Collected data
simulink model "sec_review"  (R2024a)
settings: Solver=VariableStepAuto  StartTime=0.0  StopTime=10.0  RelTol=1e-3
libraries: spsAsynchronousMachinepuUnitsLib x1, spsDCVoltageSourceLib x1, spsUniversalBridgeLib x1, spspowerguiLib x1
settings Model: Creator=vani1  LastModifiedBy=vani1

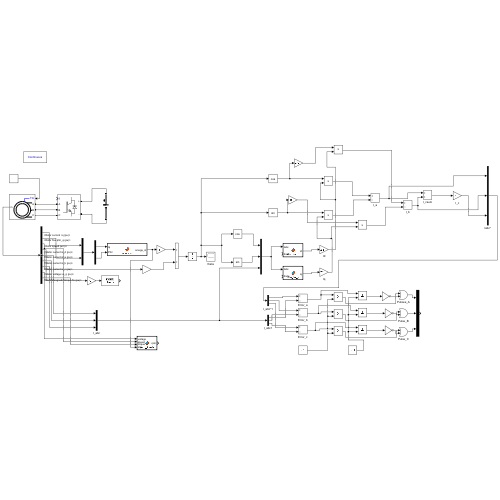
[thumbnail: Simulink's stored preview of the top-level diagram]
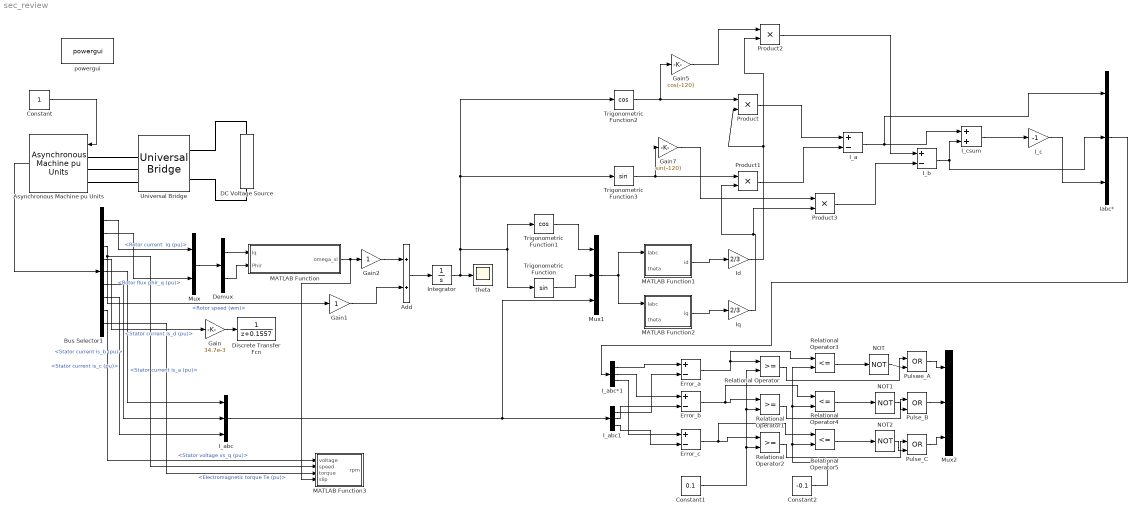
== system sec_review ==
  Add : Sum
  Asynchronous Machine pu Units : spsAsynchronousMachinepuUnitsLib/Asynchronous Machine pu Units  RotorType=Squirrel-cage  PresetModel=No  MechanicalLoad=Torque Tm  ShowDetailedParameters=on  ReferenceFrame=Rotor  Units=pu  MeasurementBus=off  NominalParameters=[3730 460 60]  VoltageRatio=1  Stator=[0.01965 0.0397]  Rotor=[0.01909 0.0397]  Cage1=[0.01909 0.0397]  Cage2=[0.01909 0.0397]  Lm=1.354  Mechanical=[0.09526 0.05479 2]  PolePairs=2  InitialConditions="[ 1,0   0,0,0   0,0,0 ]"  SimulateSaturation=off  Saturation="[0.212,0.4201,0.8125,1.0979,1.4799,2.2457,3.2586,4.5763,6.4763 ;   0.5,0.7,0.9,1,1.1,1.2 ,1.3,1.4,1.5]"  LoadFlowParameters=0  TsPowergui=0  TsBlock=-1  IterativeModel=Trapezoidal non iterative  IterativeDiscreteModel=Trapezoidal non iterative  Pmec=0
      settings: LibrarySourceBlock=|
      | sps_lib/Electrical Machines/Asynchronous Machine
      | pu Units
  Bus Selector1 : BusSelector  OutputSignals="Rotor measurements.Rotor current  iq (pu),Rotor measurements.Rotor flux phir_q (pu),Mechanical.Rotor speed (wm),Stator measurements.Stator current is_d (pu),Stator measurements.Stator current is_a (pu),Stator measurements.Stator current is_b (pu),Stator measurements.Stator current is_c (pu),Stator measurements.Stator voltage vs_q (pu),Mechanical.Electromagnetic torque Te (pu)"
  Constant : Constant  SampleTime=-1
  Constant1 : Constant  Value=0.1
  Constant2 : Constant  Value=-0.1
  DC Voltage Source : spsDCVoltageSourceLib/DC Voltage Source  Amplitude=780  Measurements=Voltage
  Demux : Demux  Outputs=2
  Discrete Transfer Fcn : DiscreteTransferFcn  Denominator=[1 0.1557]
  Error_a : Sum  Inputs=+-
  Error_b : Sum  Inputs=+-
  Error_c : Sum  Inputs=+-
  Gain : Gain  Gain=34.7e-3
  Gain1 : Gain
  Gain2 : Gain
  Gain5 : Gain  Gain=cos(-120)
  Gain7 : Gain  Gain=sin(-120)
  I_a : Sum  Inputs=+-
  I_abc : Mux  Inputs=3
  I_abc*1 : Demux  Outputs=3
  I_abc1 : Demux  Outputs=3
  I_b : Sum  Inputs=+-
  I_c : Gain  Gain=-1
  I_csum : Sum
  Iabc* : Mux  Inputs=3
  Id : Gain  Gain=2/3
  Integrator : Integrator
  Iq : Gain  Gain=2/3
  MATLAB Function : MATLAB Function  TreatAsAtomicUnit=on
  MATLAB Function1 : MATLAB Function  TreatAsAtomicUnit=on
  MATLAB Function2 : MATLAB Function  TreatAsAtomicUnit=on
  MATLAB Function3 : MATLAB Function  TreatAsAtomicUnit=on
  Mux : Mux  Inputs=2
  Mux1 : Mux  Inputs=3
  Mux2 : Mux  Inputs=3
  NOT : Logic  Operator=NOT  IconShape=distinctive  AllPortsSameDT=off  OutDataTypeStr=boolean
  NOT1 : Logic  Operator=NOT  IconShape=distinctive  AllPortsSameDT=off  OutDataTypeStr=boolean
  NOT2 : Logic  Operator=NOT  IconShape=distinctive  AllPortsSameDT=off  OutDataTypeStr=boolean
  Product{,1..3} (4 alike) : Product
  Pulse_B : Logic  Operator=OR  IconShape=distinctive  AllPortsSameDT=off  OutDataTypeStr=boolean
  Pulse_C : Logic  Operator=OR  IconShape=distinctive  AllPortsSameDT=off  OutDataTypeStr=boolean
  Pulswe_A : Logic  Operator=OR  IconShape=distinctive  AllPortsSameDT=off  OutDataTypeStr=boolean
  Relational Operator : RelationalOperator  OutDataTypeStr=boolean  RndMeth=Simplest  InputSameDT=off
  Relational Operator1 : RelationalOperator  OutDataTypeStr=boolean  RndMeth=Simplest  InputSameDT=off
  Relational Operator2 : RelationalOperator  OutDataTypeStr=boolean  RndMeth=Simplest  InputSameDT=off
  Relational Operator3 : RelationalOperator  Operator=<=  OutDataTypeStr=boolean  RndMeth=Simplest  InputSameDT=off
  Relational Operator4 : RelationalOperator  Operator=<=  OutDataTypeStr=boolean  RndMeth=Simplest  InputSameDT=off
  Relational Operator5 : RelationalOperator  Operator=<=  OutDataTypeStr=boolean  RndMeth=Simplest  InputSameDT=off
  Trigonometric Function : Trigonometry
  Trigonometric Function1 : Trigonometry  Operator=cos
  Trigonometric Function2 : Trigonometry  Operator=cos
  Trigonometric Function3 : Trigonometry
  Universal Bridge : spsUniversalBridgeLib/Universal Bridge  Arms=3  SnubberResistance=1e5  SnubberCapacitance=inf  Device=IGBT / Diodes  Ron=1e-3  Lon=0  ForwardVoltages="[  0  0  ]"  ForwardVoltage=0  GTOparameters=[ 10e-6 , 20e-6 ]  IGBTparameters=[ 1e-6 , 2e-6 ]  Measurements=None  Measurements_2=None  converterType=Rectifier
  powergui : spspowerguiLib/powergui  Priority=1  SimulationMode=Continuous  SampleTime=50e-6  frequency=60  Iterations=50  frequencyindice=60  Pbase=100e6  ErrMax=1e-4  UnitsV=kV  UnitsW=MW  buscounter=0  FunctionMessages=off  echomessages=off  EnableUseOfTLC=off  CurrentSourceSwitches=off  DisableSnubberDevices=off  DisableRonSwitches=off  DisableVfSwitches=off  DisplayEquations=off  AutomaticDiscreteSolvers=off  SolverType=Tustin/Backward Euler (TBE)  Interpol=off  ExternalGateDelay=off  methode=off  Ts=100  x0status=blocks  SPID=on  SwTol=0  HookPort=off  NonlinearTolerance=1e-4  nMaxIteration=100  ContinueOnMaxIteration=off  RestoreLinks=warning  ResistiveCurrentMeasurement=off  Frange=[0:2:500]  Ylog=off  Xlog=on  ShowGrid=off  save=off  variable=ZData  structure=0  ZoomFFT=off  StartTime=0.0  cycles=1  DisplayStyle=1  fundamental=60  FreqAxis=off  MaxFrequency=1000  frequencyindicesteady=1  RmsSteady=1  display=off
  theta : Scope
  wires:
  Constant/1 -> Asynchronous Machine pu Units/1
  Gain/1 -> Discrete Transfer Fcn/1
  Add/1 -> Integrator/1
  Asynchronous Machine pu Units/1 -> Bus Selector1/1
  Gain1/1 -> Add/2
  Bus Selector1/2 -> Mux/2  "<Rotor flux phir_q (pu)>"
  Bus Selector1/1 -> Mux/1  "<Rotor current  iq (pu)>"
  Bus Selector1/3 -> MATLAB Function3/2(speed), Gain1/1  "<Rotor speed (wm)>"
  Mux/1 -> Demux/1
  Gain2/1 -> Add/1
  Demux/1 -> MATLAB Function/1(Iq)
  Demux/2 -> MATLAB Function/2(Phir)
  MATLAB Function/1(omega_sl) -> MATLAB Function3/4(slip), Gain2/1
  Bus Selector1/4 -> Gain/1  "<Stator current is_d (pu)>"
  Integrator/1 -> Trigonometric Function2/1, Trigonometric Function3/1, Trigonometric Function/1, Trigonometric Function1/1, theta/1
  Trigonometric Function1/1 -> Mux1/1
  Trigonometric Function/1 -> Mux1/2
  Bus Selector1/5 -> I_abc/1  "<Stator current is_a (pu)>"
  Bus Selector1/6 -> I_abc/2  "<Stator current is_b (pu)>"
  Bus Selector1/7 -> I_abc/3  "<Stator current is_c (pu)>"
  I_abc/1 -> Mux1/3, I_abc1/1
  Mux1/1 -> MATLAB Function2/1(Iabc), MATLAB Function1/1(Iabc)
  MATLAB Function1/1(id) -> Id/1
  MATLAB Function2/1(iq) -> Iq/1
  Product/1 -> I_a/1
  Id/1 -> Product2/2, Product/2
  Iq/1 -> Product3/2, Product1/2
  Product1/1 -> I_a/2
  Trigonometric Function2/1 -> Gain5/1, Product/1
  Trigonometric Function3/1 -> Gain7/1, Product1/1
  Gain5/1 -> Product2/1
  Gain7/1 -> Product3/1
  Product2/1 -> I_b/1
  Product3/1 -> I_b/2
  I_a/1 -> Iabc*/1, I_csum/1
  I_b/1 -> I_csum/2, Iabc*/2
  I_csum/1 -> I_c/1
  I_c/1 -> Iabc*/3
  Iabc*/1 -> I_abc*1/1
  I_abc*1/1 -> Error_a/1
  I_abc1/1 -> Error_a/2
  I_abc*1/2 -> Error_b/1
  I_abc1/2 -> Error_b/2
  I_abc*1/3 -> Error_c/1
  I_abc1/3 -> Error_c/2
  Error_a/1 -> Relational Operator3/1, Relational Operator/1
  Error_b/1 -> Relational Operator4/1, Relational Operator1/1
  Error_c/1 -> Relational Operator5/1, Relational Operator2/1
  Constant1/1 -> Relational Operator2/2, Relational Operator1/2, Relational Operator/2
  Constant2/1 -> Relational Operator5/2, Relational Operator4/2, Relational Operator3/2
  Relational Operator3/1 -> NOT/1
  Relational Operator4/1 -> NOT1/1
  Relational Operator5/1 -> NOT2/1
  Relational Operator/1 -> Pulswe_A/1
  Relational Operator1/1 -> Pulse_B/1
  Relational Operator2/1 -> Pulse_C/1
  NOT/1 -> Pulswe_A/2
  NOT1/1 -> Pulse_B/2
  NOT2/1 -> Pulse_C/2
  Pulswe_A/1 -> Mux2/1
  Pulse_B/1 -> Mux2/2
  Pulse_C/1 -> Mux2/3
  Bus Selector1/8 -> MATLAB Function3/1(voltage)  "<Stator voltage vs_q (pu)>"
  Bus Selector1/9 -> MATLAB Function3/3(torque)  "<Electromagnetic torque Te (pu)>"
  connections:
  Asynchronous Machine pu Units/LConn1 -- Universal Bridge/LConn1
  Asynchronous Machine pu Units/LConn2 -- Universal Bridge/LConn2
  Asynchronous Machine pu Units/LConn3 -- Universal Bridge/LConn3
  Universal Bridge/RConn1 -- DC Voltage Source/RConn1
  Universal Bridge/RConn2 -- DC Voltage Source/LConn1

== matlab function sec_review/MATLAB Function1 ==
  data: Iabc input; id output; theta input
function id = abc_to_d(Iabc, theta)
    % Extract phase currents
    Ia = Iabc(1);
    Ib = Iabc(2);
    Ic = Iabc(3);

    % Compute d-axis current
    id = (2/3) * (Ia * cos(theta) + Ib * cos(theta - 2*pi/3) + Ic * cos(theta + 2*pi/3));
end

== matlab function sec_review/MATLAB Function ==
  data: Iq input; omega_sl output; Phir input
function omega_sl = calc_slip(Iq, Phir)
    omega_sl = (34.7e-3 * Iq) / (Phir * 0.1557 + 1e-3);
end

== matlab function sec_review/MATLAB Function2 ==
  data: Iabc input; iq output; theta input
function iq = abc_to_q(Iabc, theta)
    % Extract phase currents
    Ia = Iabc(1);
    Ib = Iabc(2);
    Ic = Iabc(3);

    % Compute q-axis current
    iq = (2/3) * (Ia * sin(theta) + Ib * sin(theta - 2*pi/3) + Ic * sin(theta + 2*pi/3));
end

== matlab function sec_review/MATLAB Function3 ==
  data: voltage input; rpm output; speed input; torque input; slip input
function rpm = ann_block(voltage, speed, torque, slip)
    rpm = ann_predict(voltage, speed, torque, slip);
end

What is expected :: From the data above, reproduce word for word the lines running from the line with "Demux : Demux" to the line with "NOT : Logic", ends included.

Result for this exercise ::
  Demux : Demux  Outputs=2
  Discrete Transfer Fcn : DiscreteTransferFcn  Denominator=[1 0.1557]
  Error_a : Sum  Inputs=+-
  Error_b : Sum  Inputs=+-
  Error_c : Sum  Inputs=+-
  Gain : Gain  Gain=34.7e-3
  Gain1 : Gain
  Gain2 : Gain
  Gain5 : Gain  Gain=cos(-120)
  Gain7 : Gain  Gain=sin(-120)
  I_a : Sum  Inputs=+-
  I_abc : Mux  Inputs=3
  I_abc*1 : Demux  Outputs=3
  I_abc1 : Demux  Outputs=3
  I_b : Sum  Inputs=+-
  I_c : Gain  Gain=-1
  I_csum : Sum
  Iabc* : Mux  Inputs=3
  Id : Gain  Gain=2/3
  Integrator : Integrator
  Iq : Gain  Gain=2/3
  MATLAB Function : MATLAB Function  TreatAsAtomicUnit=on
  MATLAB Function1 : MATLAB Function  TreatAsAtomicUnit=on
  MATLAB Function2 : MATLAB Function  TreatAsAtomicUnit=on
  MATLAB Function3 : MATLAB Function  TreatAsAtomicUnit=on
  Mux : Mux  Inputs=2
  Mux1 : Mux  Inputs=3
  Mux2 : Mux  Inputs=3
  NOT : Logic  Operator=NOT  IconShape=distinctive  AllPortsSameDT=off  OutDataTypeStr=boolean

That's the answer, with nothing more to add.